#### [Exercise directions]
Would you output the following records verbatim and skip the images in them?

*** Opening of Listed entries ***

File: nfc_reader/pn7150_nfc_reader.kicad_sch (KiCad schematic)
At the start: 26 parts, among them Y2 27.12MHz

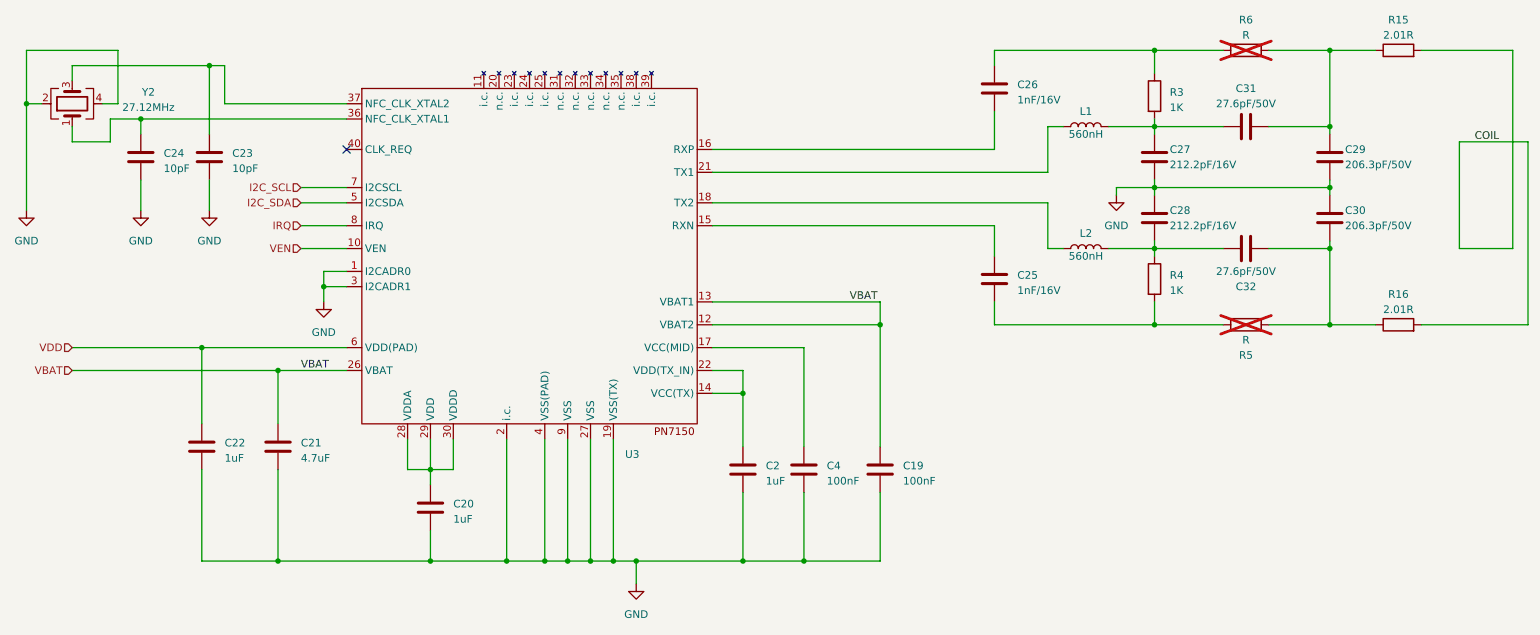
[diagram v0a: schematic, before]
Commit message: Added front artwork to nfc_reader
Also
- Fixed error with missing power to PN7150 radio
- Added two buttons and two LEDs
- Moved things around a little
- Updated BOM and created pos file
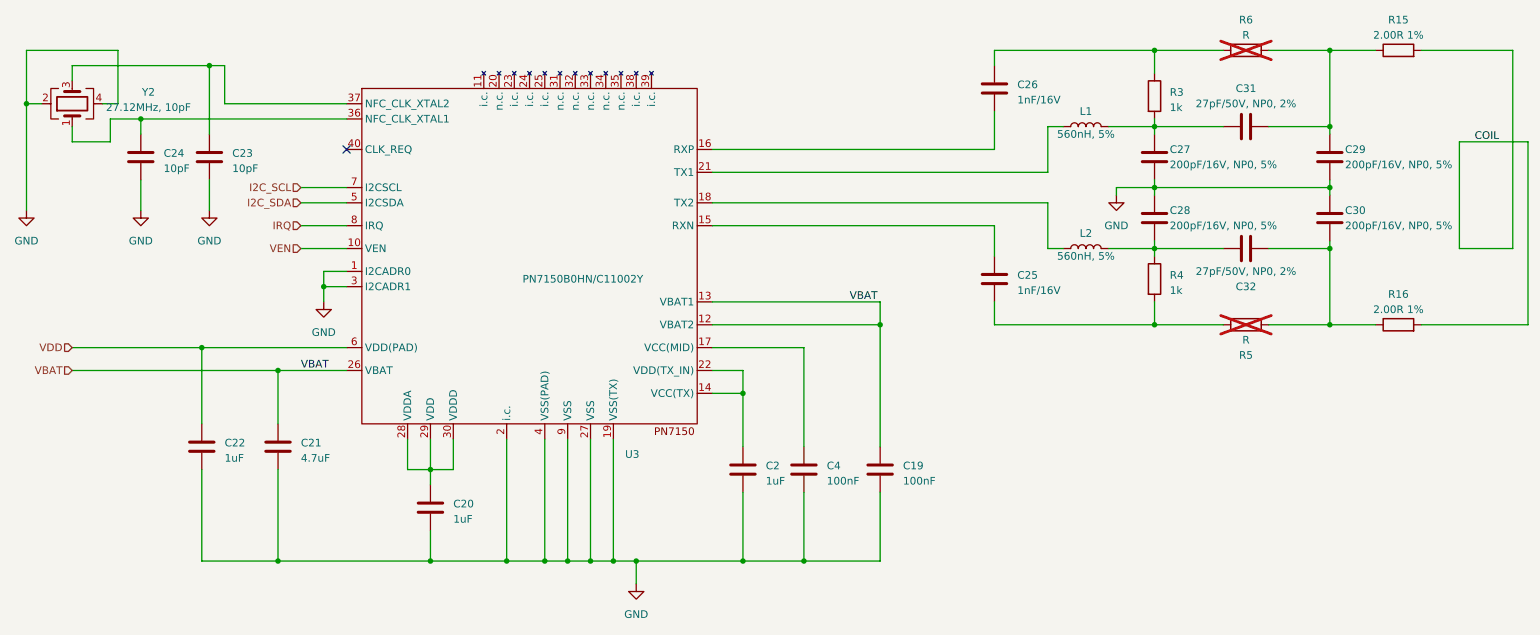
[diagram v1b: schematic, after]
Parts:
- C27, C28: value 212.2pF/16V -> 200pF/16V, NP0, 5%
- C29, C30: value 206.3pF/50V -> 200pF/16V, NP0, 5%
- C31, C32: value 27.6pF/50V -> 27pF/50V, NP0, 2%
- L1, L2: value 560nH -> 560nH, 5%
- R15, R16: value 2.01R -> 2.00R 1%
- R3, R4: value 1K -> 1k
- R5, R6: now left out of the parts list
- U3: value ~ -> PN7150B0HN/C11002Y
- Y2: value 27.12MHz -> 27.12MHz, 10pF
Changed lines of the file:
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@@
   (title_block
     (title "PN7150 NFC Reader")
-    (date "2023-05-07")
-    (rev "1.0")
+    (date "2023-06-22")
+    (rev "1.1")
     (comment 1 "CC-BY-SA")
   )
@@
       (effects (font (size 1.27 1.27)) (justify left))
     )
-    (property "Value" "1K" (at 217.17 88.265 0)
+    (property "Value" "1k" (at 217.17 88.265 0)
       (effects (font (size 1.27 1.27)) (justify left))
     )
@@
       (effects (font (size 1.27 1.27)) (justify left))
     )
-    (property "Value" "~" (at 119.38 86.36 0)
+    (property "Value" "PN7150B0HN/C11002Y" (at 119.38 86.36 0)
       (effects (font (size 1.27 1.27)))
     )
@@
       (effects (font (size 1.27 1.27)))
     )
-    (property "Value" "560nH" (at 203.2 62.23 90)
+    (property "Value" "560nH, 5%" (at 203.2 62.23 90)
       (effects (font (size 1.27 1.27)))
     )
@@
       (effects (font (size 1.27 1.27)))
     )
-    (property "Value" "27.12MHz" (at 46.99 57.7597 90)
+    (property "Value" "27.12MHz, 10pF" (at 46.99 57.7597 90)
       (effects (font (size 1.27 1.27)))
     )
@@
       (effects (font (size 1.27 1.27)))
     )
-    (property "Value" "2.01R" (at 255.27 45.72 90)
+    (property "Value" "2.00R 1%" (at 255.27 45.72 90)
       (effects (font (size 1.27 1.27)))
     )
@@
       (effects (font (size 1.27 1.27)) (justify left))
     )
-    (property "Value" "1K" (at 217.17 57.785 0)
+    (property "Value" "1k" (at 217.17 57.785 0)
       (effects (font (size 1.27 1.27)) (justify left))
     )
@@
       (effects (font (size 1.27 1.27)))
     )
-    (property "Value" "560nH" (at 203.2 82.55 90)
+    (property "Value" "560nH, 5%" (at 203.2 82.55 90)
       (effects (font (size 1.27 1.27)))
     )
@@
       (effects (font (size 1.27 1.27)))
     )
-    (property "Value" "27.6pF/50V" (at 229.87 57.15 90)
+    (property "Value" "27pF/50V, NP0, 2%" (at 229.87 57.15 90)
       (effects (font (size 1.27 1.27)))
     )
@@
   )
   (symbol (lib_id "Device:R") (at 229.87 48.26 90) (unit 1)
-    (in_bom yes) (on_board yes) (dnp yes) (fields_autoplaced)
+    (in_bom no) (on_board yes) (dnp yes) (fields_autoplaced)
     (property "Reference" "R6" (at 229.87 43.18 90)
       (effects (font (size 1.27 1.27)))
@@
   )
   (symbol (lib_id "Device:R") (at 229.87 93.98 90) (unit 1)
-    (in_bom yes) (on_board yes) (dnp yes)
+    (in_bom no) (on_board yes) (dnp yes)
     (property "Reference" "R5" (at 229.87 99.06 90)
       (effects (font (size 1.27 1.27)))
@@
       (effects (font (size 1.27 1.27)) (justify left))
     )
-    (property "Value" "212.2pF/16V" (at 217.17 77.47 0)
+    (property "Value" "200pF/16V, NP0, 5%" (at 217.17 77.47 0)
       (effects (font (size 1.27 1.27)) (justify left))
     )
@@
       (effects (font (size 1.27 1.27)) (justify left))
     )
-    (property "Value" "212.2pF/16V" (at 217.17 67.31 0)
+    (property "Value" "200pF/16V, NP0, 5%" (at 217.17 67.31 0)
       (effects (font (size 1.27 1.27)) (justify left))
     )
@@
       (effects (font (size 1.27 1.27)))
     )
-    (property "Value" "27.6pF/50V" (at 229.87 85.09 90)
+    (property "Value" "27pF/50V, NP0, 2%" (at 229.87 85.09 90)
       (effects (font (size 1.27 1.27)))
     )
@@
       (effects (font (size 1.27 1.27)))
     )
-    (property "Value" "2.01R" (at 255.27 91.44 90)
+    (property "Value" "2.00R 1%" (at 255.27 91.44 90)
       (effects (font (size 1.27 1.27)))
     )
@@
       (effects (font (size 1.27 1.27)) (justify left))
     )
-    (property "Value" "206.3pF/50V" (at 246.38 77.47 0)
+    (property "Value" "200pF/16V, NP0, 5%" (at 246.38 77.47 0)
       (effects (font (size 1.27 1.27)) (justify left))
     )
@@
       (effects (font (size 1.27 1.27)) (justify left))
     )
-    (property "Value" "206.3pF/50V" (at 246.38 67.31 0)
-      (effects (font (size 1.27 1.27)) (justify left))
-    )
+    (property "Value" "200pF/16V, NP0, 5%" (at 246.38 67.31 0)
+      (effects (font (size 1.27 1.27)) (justify left))
+    )

*** Close of Listed entries ***

#### [Exercise solution]
File: nfc_reader/pn7150_nfc_reader.kicad_sch (KiCad schematic)
At the start: 26 parts, among them Y2 27.12MHz

[diagram v0a: schematic, before]
Commit message: Added front artwork to nfc_reader
Also
- Fixed error with missing power to PN7150 radio
- Added two buttons and two LEDs
- Moved things around a little
- Updated BOM and created pos file
[diagram v1b: schematic, after]
Parts:
- C27, C28: value 212.2pF/16V -> 200pF/16V, NP0, 5%
- C29, C30: value 206.3pF/50V -> 200pF/16V, NP0, 5%
- C31, C32: value 27.6pF/50V -> 27pF/50V, NP0, 2%
- L1, L2: value 560nH -> 560nH, 5%
- R15, R16: value 2.01R -> 2.00R 1%
- R3, R4: value 1K -> 1k
- R5, R6: now left out of the parts list
- U3: value ~ -> PN7150B0HN/C11002Y
- Y2: value 27.12MHz -> 27.12MHz, 10pF
Changed lines of the file:
@@
   (title_block
     (title "PN7150 NFC Reader")
-    (date "2023-05-07")
-    (rev "1.0")
+    (date "2023-06-22")
+    (rev "1.1")
     (comment 1 "CC-BY-SA")
   )
@@
       (effects (font (size 1.27 1.27)) (justify left))
     )
-    (property "Value" "1K" (at 217.17 88.265 0)
+    (property "Value" "1k" (at 217.17 88.265 0)
       (effects (font (size 1.27 1.27)) (justify left))
     )
@@
       (effects (font (size 1.27 1.27)) (justify left))
     )
-    (property "Value" "~" (at 119.38 86.36 0)
+    (property "Value" "PN7150B0HN/C11002Y" (at 119.38 86.36 0)
       (effects (font (size 1.27 1.27)))
     )
@@
       (effects (font (size 1.27 1.27)))
     )
-    (property "Value" "560nH" (at 203.2 62.23 90)
+    (property "Value" "560nH, 5%" (at 203.2 62.23 90)
       (effects (font (size 1.27 1.27)))
     )
@@
       (effects (font (size 1.27 1.27)))
     )
-    (property "Value" "27.12MHz" (at 46.99 57.7597 90)
+    (property "Value" "27.12MHz, 10pF" (at 46.99 57.7597 90)
       (effects (font (size 1.27 1.27)))
     )
@@
       (effects (font (size 1.27 1.27)))
     )
-    (property "Value" "2.01R" (at 255.27 45.72 90)
+    (property "Value" "2.00R 1%" (at 255.27 45.72 90)
       (effects (font (size 1.27 1.27)))
     )
@@
       (effects (font (size 1.27 1.27)) (justify left))
     )
-    (property "Value" "1K" (at 217.17 57.785 0)
+    (property "Value" "1k" (at 217.17 57.785 0)
       (effects (font (size 1.27 1.27)) (justify left))
     )
@@
       (effects (font (size 1.27 1.27)))
     )
-    (property "Value" "560nH" (at 203.2 82.55 90)
+    (property "Value" "560nH, 5%" (at 203.2 82.55 90)
       (effects (font (size 1.27 1.27)))
     )
@@
       (effects (font (size 1.27 1.27)))
     )
-    (property "Value" "27.6pF/50V" (at 229.87 57.15 90)
+    (property "Value" "27pF/50V, NP0, 2%" (at 229.87 57.15 90)
       (effects (font (size 1.27 1.27)))
     )
@@
   )
   (symbol (lib_id "Device:R") (at 229.87 48.26 90) (unit 1)
-    (in_bom yes) (on_board yes) (dnp yes) (fields_autoplaced)
+    (in_bom no) (on_board yes) (dnp yes) (fields_autoplaced)
     (property "Reference" "R6" (at 229.87 43.18 90)
       (effects (font (size 1.27 1.27)))
@@
   )
   (symbol (lib_id "Device:R") (at 229.87 93.98 90) (unit 1)
-    (in_bom yes) (on_board yes) (dnp yes)
+    (in_bom no) (on_board yes) (dnp yes)
     (property "Reference" "R5" (at 229.87 99.06 90)
       (effects (font (size 1.27 1.27)))
@@
       (effects (font (size 1.27 1.27)) (justify left))
     )
-    (property "Value" "212.2pF/16V" (at 217.17 77.47 0)
+    (property "Value" "200pF/16V, NP0, 5%" (at 217.17 77.47 0)
       (effects (font (size 1.27 1.27)) (justify left))
     )
@@
       (effects (font (size 1.27 1.27)) (justify left))
     )
-    (property "Value" "212.2pF/16V" (at 217.17 67.31 0)
+    (property "Value" "200pF/16V, NP0, 5%" (at 217.17 67.31 0)
       (effects (font (size 1.27 1.27)) (justify left))
     )
@@
       (effects (font (size 1.27 1.27)))
     )
-    (property "Value" "27.6pF/50V" (at 229.87 85.09 90)
+    (property "Value" "27pF/50V, NP0, 2%" (at 229.87 85.09 90)
       (effects (font (size 1.27 1.27)))
     )
@@
       (effects (font (size 1.27 1.27)))
     )
-    (property "Value" "2.01R" (at 255.27 91.44 90)
+    (property "Value" "2.00R 1%" (at 255.27 91.44 90)
       (effects (font (size 1.27 1.27)))
     )
@@
       (effects (font (size 1.27 1.27)) (justify left))
     )
-    (property "Value" "206.3pF/50V" (at 246.38 77.47 0)
+    (property "Value" "200pF/16V, NP0, 5%" (at 246.38 77.47 0)
       (effects (font (size 1.27 1.27)) (justify left))
     )
@@
       (effects (font (size 1.27 1.27)) (justify left))
     )
-    (property "Value" "206.3pF/50V" (at 246.38 67.31 0)
-      (effects (font (size 1.27 1.27)) (justify left))
-    )
+    (property "Value" "200pF/16V, NP0, 5%" (at 246.38 67.31 0)
+      (effects (font (size 1.27 1.27)) (justify left))
+    )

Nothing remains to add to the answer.